The line with "Filter_attitute : MATLAB", the line with "From27 : From", and all lines between them in the material below: return these exactly, and no others.

++++

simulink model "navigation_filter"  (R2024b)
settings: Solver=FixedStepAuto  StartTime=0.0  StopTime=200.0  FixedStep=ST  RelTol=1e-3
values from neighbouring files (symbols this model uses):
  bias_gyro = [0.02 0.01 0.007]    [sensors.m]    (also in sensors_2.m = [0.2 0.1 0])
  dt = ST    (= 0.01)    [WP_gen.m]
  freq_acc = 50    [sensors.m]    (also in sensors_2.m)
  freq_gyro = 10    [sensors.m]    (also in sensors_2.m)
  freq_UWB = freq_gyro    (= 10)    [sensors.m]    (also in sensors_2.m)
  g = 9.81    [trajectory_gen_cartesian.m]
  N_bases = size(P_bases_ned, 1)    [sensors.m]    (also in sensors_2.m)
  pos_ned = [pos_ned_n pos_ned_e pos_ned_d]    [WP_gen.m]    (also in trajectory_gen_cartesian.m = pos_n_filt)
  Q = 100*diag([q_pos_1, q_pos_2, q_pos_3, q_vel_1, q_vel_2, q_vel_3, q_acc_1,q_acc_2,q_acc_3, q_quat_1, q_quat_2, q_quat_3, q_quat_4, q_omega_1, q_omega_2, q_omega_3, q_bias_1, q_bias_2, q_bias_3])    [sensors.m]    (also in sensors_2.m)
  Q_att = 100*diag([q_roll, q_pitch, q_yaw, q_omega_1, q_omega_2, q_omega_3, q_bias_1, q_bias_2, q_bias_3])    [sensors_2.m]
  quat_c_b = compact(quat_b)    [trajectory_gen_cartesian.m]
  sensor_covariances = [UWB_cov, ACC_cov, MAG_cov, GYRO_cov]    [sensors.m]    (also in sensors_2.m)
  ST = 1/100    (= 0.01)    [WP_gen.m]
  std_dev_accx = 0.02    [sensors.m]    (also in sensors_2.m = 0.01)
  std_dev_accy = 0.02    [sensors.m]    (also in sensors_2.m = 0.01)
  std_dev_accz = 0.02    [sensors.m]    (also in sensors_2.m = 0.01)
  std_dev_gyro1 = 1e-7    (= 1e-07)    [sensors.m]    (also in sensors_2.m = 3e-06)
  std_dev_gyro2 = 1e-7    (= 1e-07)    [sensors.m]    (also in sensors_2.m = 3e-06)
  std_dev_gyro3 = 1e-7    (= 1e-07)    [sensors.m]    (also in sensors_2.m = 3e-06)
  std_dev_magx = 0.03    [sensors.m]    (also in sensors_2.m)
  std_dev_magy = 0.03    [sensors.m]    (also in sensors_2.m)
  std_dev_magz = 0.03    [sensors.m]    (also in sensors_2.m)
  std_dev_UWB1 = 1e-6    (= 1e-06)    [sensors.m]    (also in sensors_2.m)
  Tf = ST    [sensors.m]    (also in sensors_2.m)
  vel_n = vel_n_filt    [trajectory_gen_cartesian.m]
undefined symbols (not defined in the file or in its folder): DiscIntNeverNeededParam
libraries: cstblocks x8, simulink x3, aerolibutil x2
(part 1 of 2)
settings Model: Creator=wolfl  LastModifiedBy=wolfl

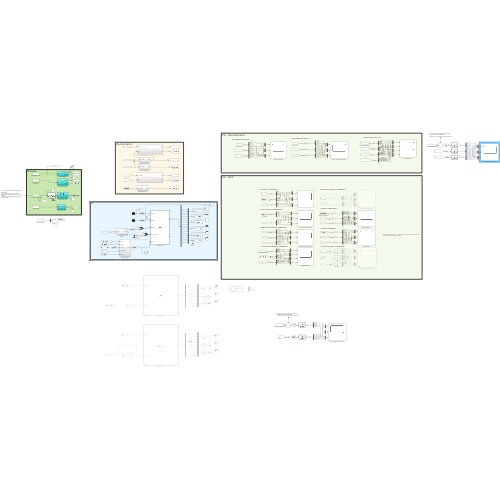
[thumbnail: Simulink's stored preview of the top-level diagram]
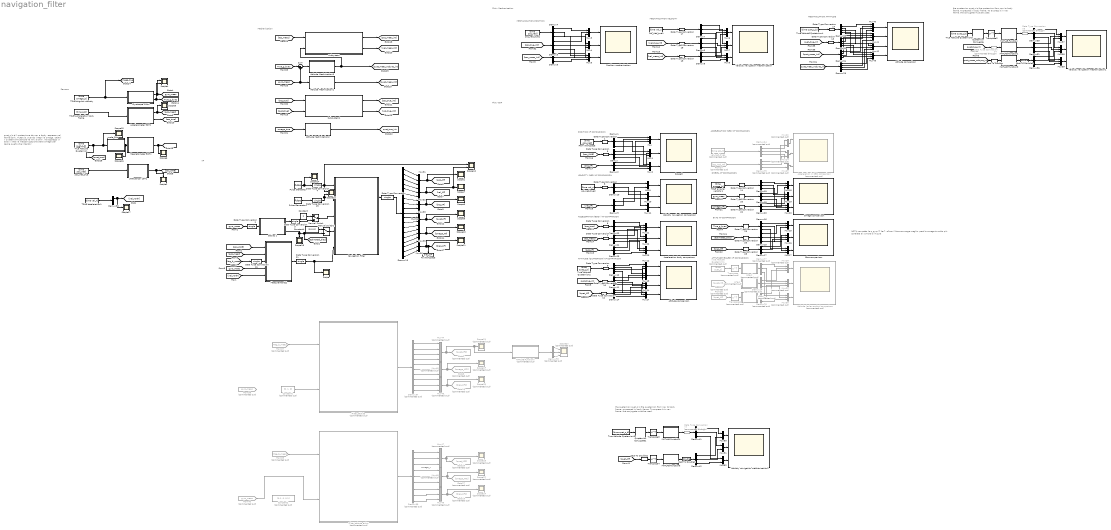
== system navigation_filter ==
  note: omega_x
  note: the quaternion quat_c is the quaternion from nav to
      | body frame, expressed in body frame.
      | To express it in nav frame, the conjugate must be used.
  note: quat_c_b è il quaternione da nav a body, espresso nel frame body.
      | Tuttavia, quando integri la omega, ottieni il quaternione sempre da nav a body, ma espresso in body!!!
      | Vedi la meccanizzazione della omega per capire quello che intendo!
  note: NOTA: se metto le q_gyro = 1e-7, allora il bias converge meglio, però la omega
      | è molto più correlata al rumore di misura
  note: Plot - EKF
  note: KF
  note: Mechanization
  note: Sensors
  note: Plot - Mechanization
  note: MECHANIZATION POSITION
  note: MECHANIZATION VELOCITY
  note: ATTUTUDE (EULER) KF COMPARISON
  note: ATTITUDE (QUATERNION) KF COMPARISON
  note: OMEGA KF COMPARISON
  note: ACCELERATION (BODY) KF COMPARISON
  note: VELOCITY (NED) KF COMPARISON
  note: POSITION KF COMPARISON
  note: BYAS KF COMPARISON
  note: ACCELERATION (NED) KF COMPARISON
  note: MECHANIZATION ATTITUDE
  note: the quaternion quat_c is the quaternion from nav to
      | body frame, expressed in body frame.
      | To express it in nav frame, the conjugate must be used.
  Acceleration body comparison : Scope  NumInputPorts=3
  Acceleration in NED comparison : Scope  Commented=on  NumInputPorts=3
  Accelerometer 50Hz : Subsystem
  Attitude (euler angles) comparison : Scope  Commented=on  NumInputPorts=3
  Attitude Mechnization1 : Subsystem
  Attitude Mechnization2 : Subsystem
  Attitude Mechnization3 : Subsystem
  "Attitude comparison " : Scope  NumInputPorts=4
  "Attitude comparison " : Scope  NumInputPorts=4
  Bias comparison : Scope  NumInputPorts=3
  Cast To Double{,1..3} (4 alike) : DataTypeConversion  OutDataTypeStr=double  SaturateOnIntegerOverflow=off  RndMeth=Floor
  Constant : Constant
  Constant1 : Constant  Commented=on  Value=[0, 1, 0]
  Constant2 : Constant  Commented=on  Value=[0.1, 0, 0.1]
  Constant4 : Constant  Value=[0 0 0]
  Data Type Conversion{,1..23,26,28} (26 alike) : DataTypeConversion  OutDataTypeStr=single  SaturateOnIntegerOverflow=off  RndMeth=Floor
  Data Type Conversion24 : DataTypeConversion  Commented=through  OutDataTypeStr=single  SaturateOnIntegerOverflow=off  RndMeth=Floor
  Data Type Conversion25 : DataTypeConversion  Commented=through  OutDataTypeStr=single  SaturateOnIntegerOverflow=off  RndMeth=Floor
  Data Type Conversion27 : DataTypeConversion  Commented=through  OutDataTypeStr=single  SaturateOnIntegerOverflow=off  RndMeth=Floor
  Demux{,1..10,15..23,30..31,35..36,41..42} (26 alike) : Demux  Outputs=3
  Demux{11..12,14,29,32..34} (7 alike) : Demux
  Demux13 : Demux  Outputs=19
  Demux{24..28,38} (6 alike) : Demux  Commented=on  Outputs=3
  Demux37 : Demux  Commented=on  Outputs=10
  Demux39 : Demux  Commented=on  Outputs=9
  Filter_attitute : MATLAB Function  Commented=on  TreatAsAtomicUnit=on
  Filter_attitute_euler : MATLAB Function  Commented=on  TreatAsAtomicUnit=on
  From Workspace : FromWorkspace  VariableName=[time pos_ned]
  From27 : From  Commented=on  GotoTag=acc_ned_KF
  From28 : From  Commented=on  GotoTag=quat_KF
  From29 : From  Commented=on  GotoTag=quat_int
  From37 : From  Commented=on  GotoTag=Mag_b_meas
  From38 : From  Commented=on  GotoTag=gyro_meas
  From39 : From  Commented=on  GotoTag=Mag_b_meas
  From40 : From  Commented=on  GotoTag=gyro_meas
  Goto13 : Goto  Commented=on  GotoTag=bias_KF2
  Goto16 : Goto  Commented=on  GotoTag=bias_KF2
  Goto2 : Goto  Commented=on  GotoTag=quat_KF2
  Goto26 : Goto  Commented=on  GotoTag=quat_KF2
  Goto27 : Goto  Commented=on  GotoTag=omega_KF2
  Goto3 : Goto  Commented=on  GotoTag=omega_KF2
  Gyroscope 10Hz : Subsystem
  MATLAB Function : MATLAB Function  TreatAsAtomicUnit=on
  MATLAB Function1 : MATLAB Function  TreatAsAtomicUnit=on
  MATLAB Function2 : MATLAB Function  Commented=on  TreatAsAtomicUnit=on
  MATLAB Function3 : MATLAB Function  TreatAsAtomicUnit=on
  MATLAB Function4 : MATLAB Function  TreatAsAtomicUnit=on
  MATLAB Function6 : MATLAB Function  TreatAsAtomicUnit=on
  Magnetometer 50Hz : Subsystem
  Manual Switch : ManualSwitch
  Manual Switch1 : ManualSwitch
  Measurements2 : Subsystem
  Mux{,1..8,12..23,27,31..33,35..39} (30 alike) : Mux  Inputs=3
  Mux{9..11,50..52} (6 alike) : Mux  Inputs=2
  Mux24 : Mux  Commented=on  Inputs=2
  Mux25 : Mux  Commented=on  Inputs=2
  Mux26 : Mux  Commented=on  Inputs=2
  Mux{28..30,45..49} (8 alike) : Mux  Commented=on  Inputs=3
  Mux{34,40..43} (5 alike) : Mux
  Mux44 : Mux  Commented=on
  Navigation Filter : MATLAB Function  TreatAsAtomicUnit=on
  Omega comparison : Scope  NumInputPorts=3
  Position mechanization : Scope  NumInputPorts=3
  Pulse Generator : DiscretePulseGenerator  PulseType=Time based  Period=0.1  PulseWidth=10  SampleTime=dt
  Pulse Generator1 : DiscretePulseGenerator  PulseType=Time based  Period=1/50  PulseWidth=50  SampleTime=dt
  Quaternion Conjugate : aerolibutil/Quaternion Conjugate
  Quaternion Conjugate1 : aerolibutil/Quaternion Conjugate
  Scope{,1..2,5..11,14..18} (15 alike) : Scope
  Scope12 : Scope  NumInputPorts=2
  Scope13 : Scope  NumInputPorts=2
  Scope{19..21,23..25} (6 alike) : Scope  Commented=on
  Scope22 : Scope  Commented=on  NumInputPorts=3
  Scope3 : Scope  NumInputPorts=3
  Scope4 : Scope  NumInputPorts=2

++++

→ OUTPUT
  Filter_attitute : MATLAB Function  Commented=on  TreatAsAtomicUnit=on
  Filter_attitute_euler : MATLAB Function  Commented=on  TreatAsAtomicUnit=on
  From Workspace : FromWorkspace  VariableName=[time pos_ned]
  From27 : From  Commented=on  GotoTag=acc_ned_KF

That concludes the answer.